An old milkman, a bullish wrestler in his heydays but now an old wreck with a dissuading look and colour gone capriciously tabby due to a haggling skin disease, was returning from the city on his bicycle with two empty drums hanging down both sides of the carrier making vitriolic little defeated noises in protest against the loudly booming victorious chimes. Throughout the journey his old age woes had got chilly burns due to the furtively serrated victorious shouts about the immortality of the winner. The old man’s mourning liver was stuck in his throat for the defeat of his favourite wrestler candidate. In such a torrid state when he reached the school, some persons from the village were fretting and fuming at an old and rickety Maruti 800 car. Under the hectic heartbeats of the man on the wheel the engine had baulked down. To forget their frustration they had a victorious taunt at the struggling old man.
“Ram Ratan has won by 15000 votes!” one of them jubilated, boosting up the winning margin three fold.
“Say one lakh, you left testicle of that weakling!” defeated strongman’s supporter settled the score.
“Count the blots on your skin, old sack and you’ll know the exact margin!” one of the would-be-celebrating gang, who was sorting out the problem inside the messed up engine, freaked out as if the problem was sticking somewhere on the old man’s skin.
In retaliation the obscenities laden milkman took up his empty milk drum from the bicycle and threw it at the foe’s toe. Missing its target the iron vessel rolled into the pond.

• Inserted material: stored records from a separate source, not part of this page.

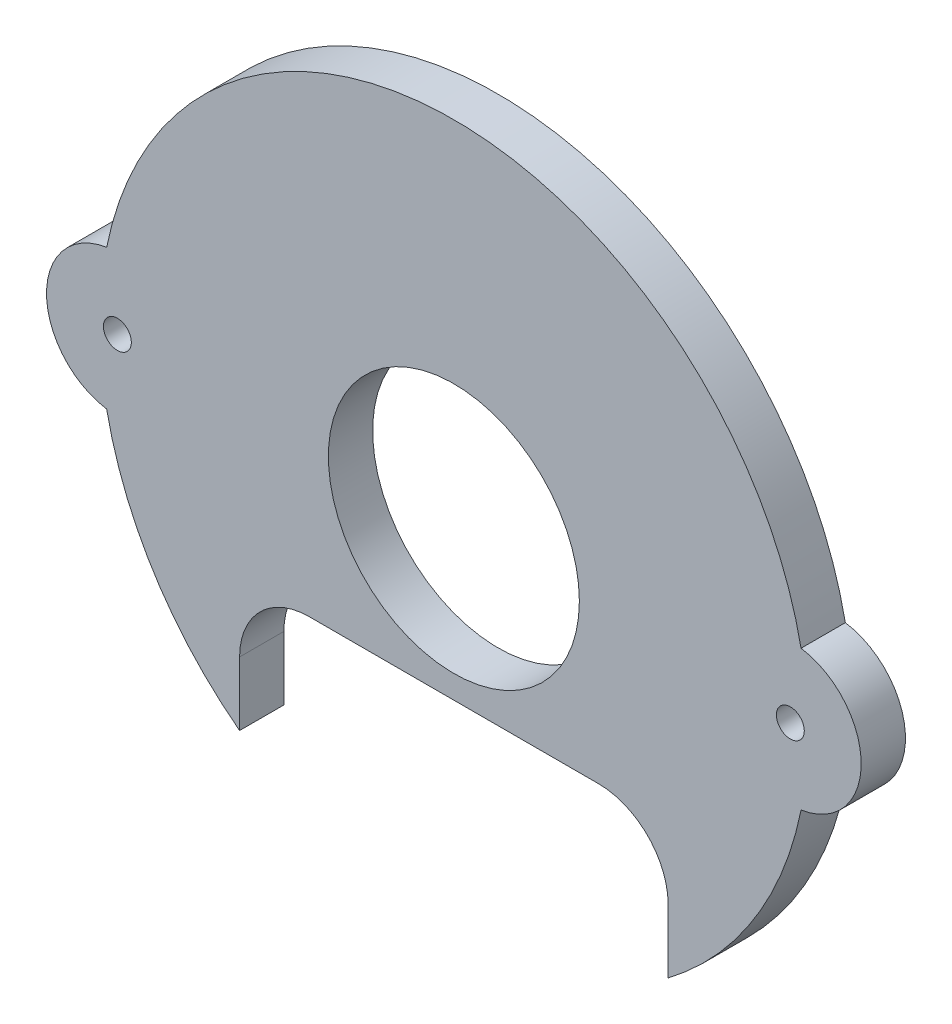
ISO-10303-21;
HEADER;
FILE_DESCRIPTION(('STEP AP214'),'2;1');
FILE_NAME('part.step','',(''),(''),'','','');
FILE_SCHEMA(('AUTOMOTIVE_DESIGN { 1 0 10303 214 1 1 1 1 }'));
ENDSEC;
DATA;
#1=APPLICATION_CONTEXT('core data for automotive mechanical design processes');
#2=APPLICATION_PROTOCOL_DEFINITION('international standard','automotive_design',2000,#1);
#3=PRODUCT_CONTEXT('',#1,'mechanical');
#4=PRODUCT('Part','Part','',(#3));
#5=PRODUCT_RELATED_PRODUCT_CATEGORY('part','',(#4));
#6=PRODUCT_DEFINITION_FORMATION('','',#4);
#7=PRODUCT_DEFINITION_CONTEXT('part definition',#1,'design');
#8=PRODUCT_DEFINITION('design','',#6,#7);
#9=PRODUCT_DEFINITION_SHAPE('','',#8);
#10=(LENGTH_UNIT() NAMED_UNIT(*) SI_UNIT(.MILLI.,.METRE.));
#11=(NAMED_UNIT(*) PLANE_ANGLE_UNIT() SI_UNIT($,.RADIAN.));
#12=(NAMED_UNIT(*) SI_UNIT($,.STERADIAN.) SOLID_ANGLE_UNIT());
#13=UNCERTAINTY_MEASURE_WITH_UNIT(LENGTH_MEASURE(1.E-05),#10,'distance_accuracy_value','');
#14=(GEOMETRIC_REPRESENTATION_CONTEXT(3) GLOBAL_UNCERTAINTY_ASSIGNED_CONTEXT((#13)) GLOBAL_UNIT_ASSIGNED_CONTEXT((#10,
#11,#12)) REPRESENTATION_CONTEXT('',''));
#15=CARTESIAN_POINT('',(0.,0.,0.));
#16=DIRECTION('',(0.,0.,1.));
#17=DIRECTION('',(1.,0.,0.));
#18=AXIS2_PLACEMENT_3D('',#15,#16,#17);
#19=CARTESIAN_POINT('',(12.065,0.,3.175));
#20=DIRECTION('',(0.,0.,1.));
#21=DIRECTION('',(1.,0.,0.));
#22=AXIS2_PLACEMENT_3D('',#19,#20,#21);
#23=PLANE('',#22);
#24=CARTESIAN_POINT('',(24.13,0.,3.175));
#25=DIRECTION('',(0.,0.,1.));
#26=DIRECTION('',(1.,0.,0.));
#27=AXIS2_PLACEMENT_3D('',#24,#25,#26);
#28=CIRCLE('',#27,1.);
#29=CARTESIAN_POINT('',(25.13,0.,3.175));
#30=VERTEX_POINT('',#29);
#31=EDGE_CURVE('E214',#30,#30,#28,.T.);
#32=ORIENTED_EDGE('',*,*,#31,.F.);
#33=EDGE_LOOP('',(#32));
#34=FACE_BOUND('',#33,.T.);
#35=CARTESIAN_POINT('',(-24.13,0.,3.175));
#36=DIRECTION('',(0.,0.,1.));
#37=DIRECTION('',(1.,0.,0.));
#38=AXIS2_PLACEMENT_3D('',#35,#36,#37);
#39=CIRCLE('',#38,1.);
#40=CARTESIAN_POINT('',(-23.13,0.,3.175));
#41=VERTEX_POINT('',#40);
#42=EDGE_CURVE('E143',#41,#41,#39,.T.);
#43=ORIENTED_EDGE('',*,*,#42,.F.);
#44=EDGE_LOOP('',(#43));
#45=FACE_BOUND('',#44,.T.);
#46=CARTESIAN_POINT('',(0.,0.,3.175));
#47=DIRECTION('',(0.,0.,1.));
#48=DIRECTION('',(1.,0.,0.));
#49=AXIS2_PLACEMENT_3D('',#46,#47,#48);
#50=CIRCLE('',#49,9.);
#51=CARTESIAN_POINT('',(9.,0.,3.175));
#52=VERTEX_POINT('',#51);
#53=EDGE_CURVE('E220',#52,#52,#50,.T.);
#54=ORIENTED_EDGE('',*,*,#53,.F.);
#55=EDGE_LOOP('',(#54));
#56=FACE_BOUND('',#55,.T.);
#57=DIRECTION('',(0.,1.,0.));
#58=VECTOR('',#57,1.);
#59=CARTESIAN_POINT('',(-15.367,0.,3.175));
#60=LINE('',#59,#58);
#61=CARTESIAN_POINT('',(-15.367,-20.2241269527265,3.175));
#62=VERTEX_POINT('',#61);
#63=CARTESIAN_POINT('',(-15.367,-15.6545488428575,3.175));
#64=VERTEX_POINT('',#63);
#65=EDGE_CURVE('E238',#62,#64,#60,.T.);
#66=ORIENTED_EDGE('',*,*,#65,.T.);
#67=CARTESIAN_POINT('',(-10.367,-15.6545488428575,3.175));
#68=DIRECTION('',(0.,0.,1.));
#69=DIRECTION('',(1.,0.,0.));
#70=AXIS2_PLACEMENT_3D('',#67,#68,#69);
#71=CIRCLE('',#70,5.);
#72=CARTESIAN_POINT('',(-10.367,-10.6545488428575,3.175));
#73=VERTEX_POINT('',#72);
#74=EDGE_CURVE('E11',#64,#73,#71,.F.);
#75=ORIENTED_EDGE('',*,*,#74,.T.);
#76=DIRECTION('',(1.,0.,0.));
#77=VECTOR('',#76,1.);
#78=CARTESIAN_POINT('',(12.065,-10.6545488428575,3.175));
#79=LINE('',#78,#77);
#80=CARTESIAN_POINT('',(10.367,-10.6545488428575,3.175));
#81=VERTEX_POINT('',#80);
#82=EDGE_CURVE('E228',#73,#81,#79,.T.);
#83=ORIENTED_EDGE('',*,*,#82,.T.);
#84=CARTESIAN_POINT('',(10.367,-15.6545488428575,3.175));
#85=DIRECTION('',(0.,0.,1.));
#86=DIRECTION('',(1.,0.,0.));
#87=AXIS2_PLACEMENT_3D('',#84,#85,#86);
#88=CIRCLE('',#87,5.);
#89=CARTESIAN_POINT('',(15.367,-15.6545488428575,3.175));
#90=VERTEX_POINT('',#89);
#91=EDGE_CURVE('E195',#81,#90,#88,.F.);
#92=ORIENTED_EDGE('',*,*,#91,.T.);
#93=DIRECTION('',(0.,-1.,0.));
#94=VECTOR('',#93,1.);
#95=CARTESIAN_POINT('',(15.367,0.,3.175));
#96=LINE('',#95,#94);
#97=CARTESIAN_POINT('',(15.367,-20.2241269527265,3.175));
#98=VERTEX_POINT('',#97);
#99=EDGE_CURVE('E235',#90,#98,#96,.T.);
#100=ORIENTED_EDGE('',*,*,#99,.T.);
#101=CARTESIAN_POINT('',(0.,0.,3.175));
#102=DIRECTION('',(0.,0.,1.));
#103=DIRECTION('',(1.,0.,0.));
#104=AXIS2_PLACEMENT_3D('',#101,#102,#103);
#105=CIRCLE('',#104,25.4);
#106=CARTESIAN_POINT('',(24.8986842105263,-5.02150620675586,3.175));
#107=VERTEX_POINT('',#106);
#108=EDGE_CURVE('E133',#98,#107,#105,.T.);
#109=ORIENTED_EDGE('',*,*,#108,.T.);
#110=CARTESIAN_POINT('',(24.13,0.,3.175));
#111=DIRECTION('',(0.,0.,1.));
#112=DIRECTION('',(1.,0.,0.));
#113=AXIS2_PLACEMENT_3D('',#110,#111,#112);
#114=CIRCLE('',#113,5.08000000000002);
#115=CARTESIAN_POINT('',(24.8986842105263,5.02150620675588,3.175));
#116=VERTEX_POINT('',#115);
#117=EDGE_CURVE('E202',#107,#116,#114,.T.);
#118=ORIENTED_EDGE('',*,*,#117,.T.);
#119=CARTESIAN_POINT('',(0.,0.,3.175));
#120=DIRECTION('',(0.,0.,1.));
#121=DIRECTION('',(1.,0.,0.));
#122=AXIS2_PLACEMENT_3D('',#119,#120,#121);
#123=CIRCLE('',#122,25.4);
#124=CARTESIAN_POINT('',(-24.8986842105263,5.02150620675583,3.175));
#125=VERTEX_POINT('',#124);
#126=EDGE_CURVE('E200',#116,#125,#123,.T.);
#127=ORIENTED_EDGE('',*,*,#126,.T.);
#128=CARTESIAN_POINT('',(-24.13,0.,3.175));
#129=DIRECTION('',(0.,0.,1.));
#130=DIRECTION('',(1.,0.,0.));
#131=AXIS2_PLACEMENT_3D('',#128,#129,#130);
#132=CIRCLE('',#131,5.08);
#133=CARTESIAN_POINT('',(-24.8986842105263,-5.02150620675586,3.175));
#134=VERTEX_POINT('',#133);
#135=EDGE_CURVE('E153',#125,#134,#132,.T.);
#136=ORIENTED_EDGE('',*,*,#135,.T.);
#137=EDGE_CURVE('E204',#134,#62,#105,.T.);
#138=ORIENTED_EDGE('',*,*,#137,.T.);
#139=EDGE_LOOP('',(#66,#75,#83,#92,#100,#109,#118,#127,#136,#138));
#140=FACE_BOUND('',#139,.T.);
#141=ADVANCED_FACE('F39',(#34,#45,#56,#140),#23,.T.);
#142=CARTESIAN_POINT('',(12.065,0.,0.));
#143=DIRECTION('',(0.,0.,1.));
#144=DIRECTION('',(1.,0.,0.));
#145=AXIS2_PLACEMENT_3D('',#142,#143,#144);
#146=PLANE('',#145);
#147=CARTESIAN_POINT('',(0.,0.,0.));
#148=DIRECTION('',(0.,0.,1.));
#149=DIRECTION('',(1.,0.,0.));
#150=AXIS2_PLACEMENT_3D('',#147,#148,#149);
#151=CIRCLE('',#150,9.);
#152=CARTESIAN_POINT('',(9.,0.,0.));
#153=VERTEX_POINT('',#152);
#154=EDGE_CURVE('E224',#153,#153,#151,.T.);
#155=ORIENTED_EDGE('',*,*,#154,.T.);
#156=EDGE_LOOP('',(#155));
#157=FACE_BOUND('',#156,.T.);
#158=CARTESIAN_POINT('',(24.13,0.,0.));
#159=DIRECTION('',(0.,0.,1.));
#160=DIRECTION('',(1.,0.,0.));
#161=AXIS2_PLACEMENT_3D('',#158,#159,#160);
#162=CIRCLE('',#161,1.);
#163=CARTESIAN_POINT('',(25.13,0.,0.));
#164=VERTEX_POINT('',#163);
#165=EDGE_CURVE('E216',#164,#164,#162,.T.);
#166=ORIENTED_EDGE('',*,*,#165,.T.);
#167=EDGE_LOOP('',(#166));
#168=FACE_BOUND('',#167,.T.);
#169=CARTESIAN_POINT('',(-24.13,0.,0.));
#170=DIRECTION('',(0.,0.,1.));
#171=DIRECTION('',(1.,0.,0.));
#172=AXIS2_PLACEMENT_3D('',#169,#170,#171);
#173=CIRCLE('',#172,1.);
#174=CARTESIAN_POINT('',(-23.13,0.,0.));
#175=VERTEX_POINT('',#174);
#176=EDGE_CURVE('E149',#175,#175,#173,.T.);
#177=ORIENTED_EDGE('',*,*,#176,.T.);
#178=EDGE_LOOP('',(#177));
#179=FACE_BOUND('',#178,.T.);
#180=DIRECTION('',(0.,1.,0.));
#181=VECTOR('',#180,1.);
#182=CARTESIAN_POINT('',(15.367,-10.6545488428575,0.));
#183=LINE('',#182,#181);
#184=CARTESIAN_POINT('',(15.367,-20.2241269527265,0.));
#185=VERTEX_POINT('',#184);
#186=CARTESIAN_POINT('',(15.367,-15.6545488428575,0.));
#187=VERTEX_POINT('',#186);
#188=EDGE_CURVE('E116',#185,#187,#183,.T.);
#189=ORIENTED_EDGE('',*,*,#188,.T.);
#190=CARTESIAN_POINT('',(10.367,-15.6545488428575,0.));
#191=DIRECTION('',(0.,0.,1.));
#192=DIRECTION('',(1.,0.,0.));
#193=AXIS2_PLACEMENT_3D('',#190,#191,#192);
#194=CIRCLE('',#193,5.);
#195=CARTESIAN_POINT('',(10.367,-10.6545488428575,0.));
#196=VERTEX_POINT('',#195);
#197=EDGE_CURVE('E192',#187,#196,#194,.T.);
#198=ORIENTED_EDGE('',*,*,#197,.T.);
#199=DIRECTION('',(-1.,0.,0.));
#200=VECTOR('',#199,1.);
#201=CARTESIAN_POINT('',(-15.367,-10.6545488428575,0.));
#202=LINE('',#201,#200);
#203=CARTESIAN_POINT('',(-10.367,-10.6545488428575,0.));
#204=VERTEX_POINT('',#203);
#205=EDGE_CURVE('E126',#196,#204,#202,.T.);
#206=ORIENTED_EDGE('',*,*,#205,.T.);
#207=CARTESIAN_POINT('',(-10.367,-15.6545488428575,0.));
#208=DIRECTION('',(0.,0.,1.));
#209=DIRECTION('',(1.,0.,0.));
#210=AXIS2_PLACEMENT_3D('',#207,#208,#209);
#211=CIRCLE('',#210,5.);
#212=CARTESIAN_POINT('',(-15.367,-15.6545488428575,0.));
#213=VERTEX_POINT('',#212);
#214=EDGE_CURVE('E48',#204,#213,#211,.T.);
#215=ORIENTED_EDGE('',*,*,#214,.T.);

Elsewhere the diehard supporters of the first loser (brawny independent contestant) were not able to digest the defeat and they summed it like this:
“The Chief Minister bribed the polling officers who expertly stage-managed ten percent bogus voting in the first hour of the polling. And then counting itself was fudged.”
Lower caste supporters of the losing strongman were shivering out of fear because very soon he was to take back the money; and slaps, kicks, abuses as the interest.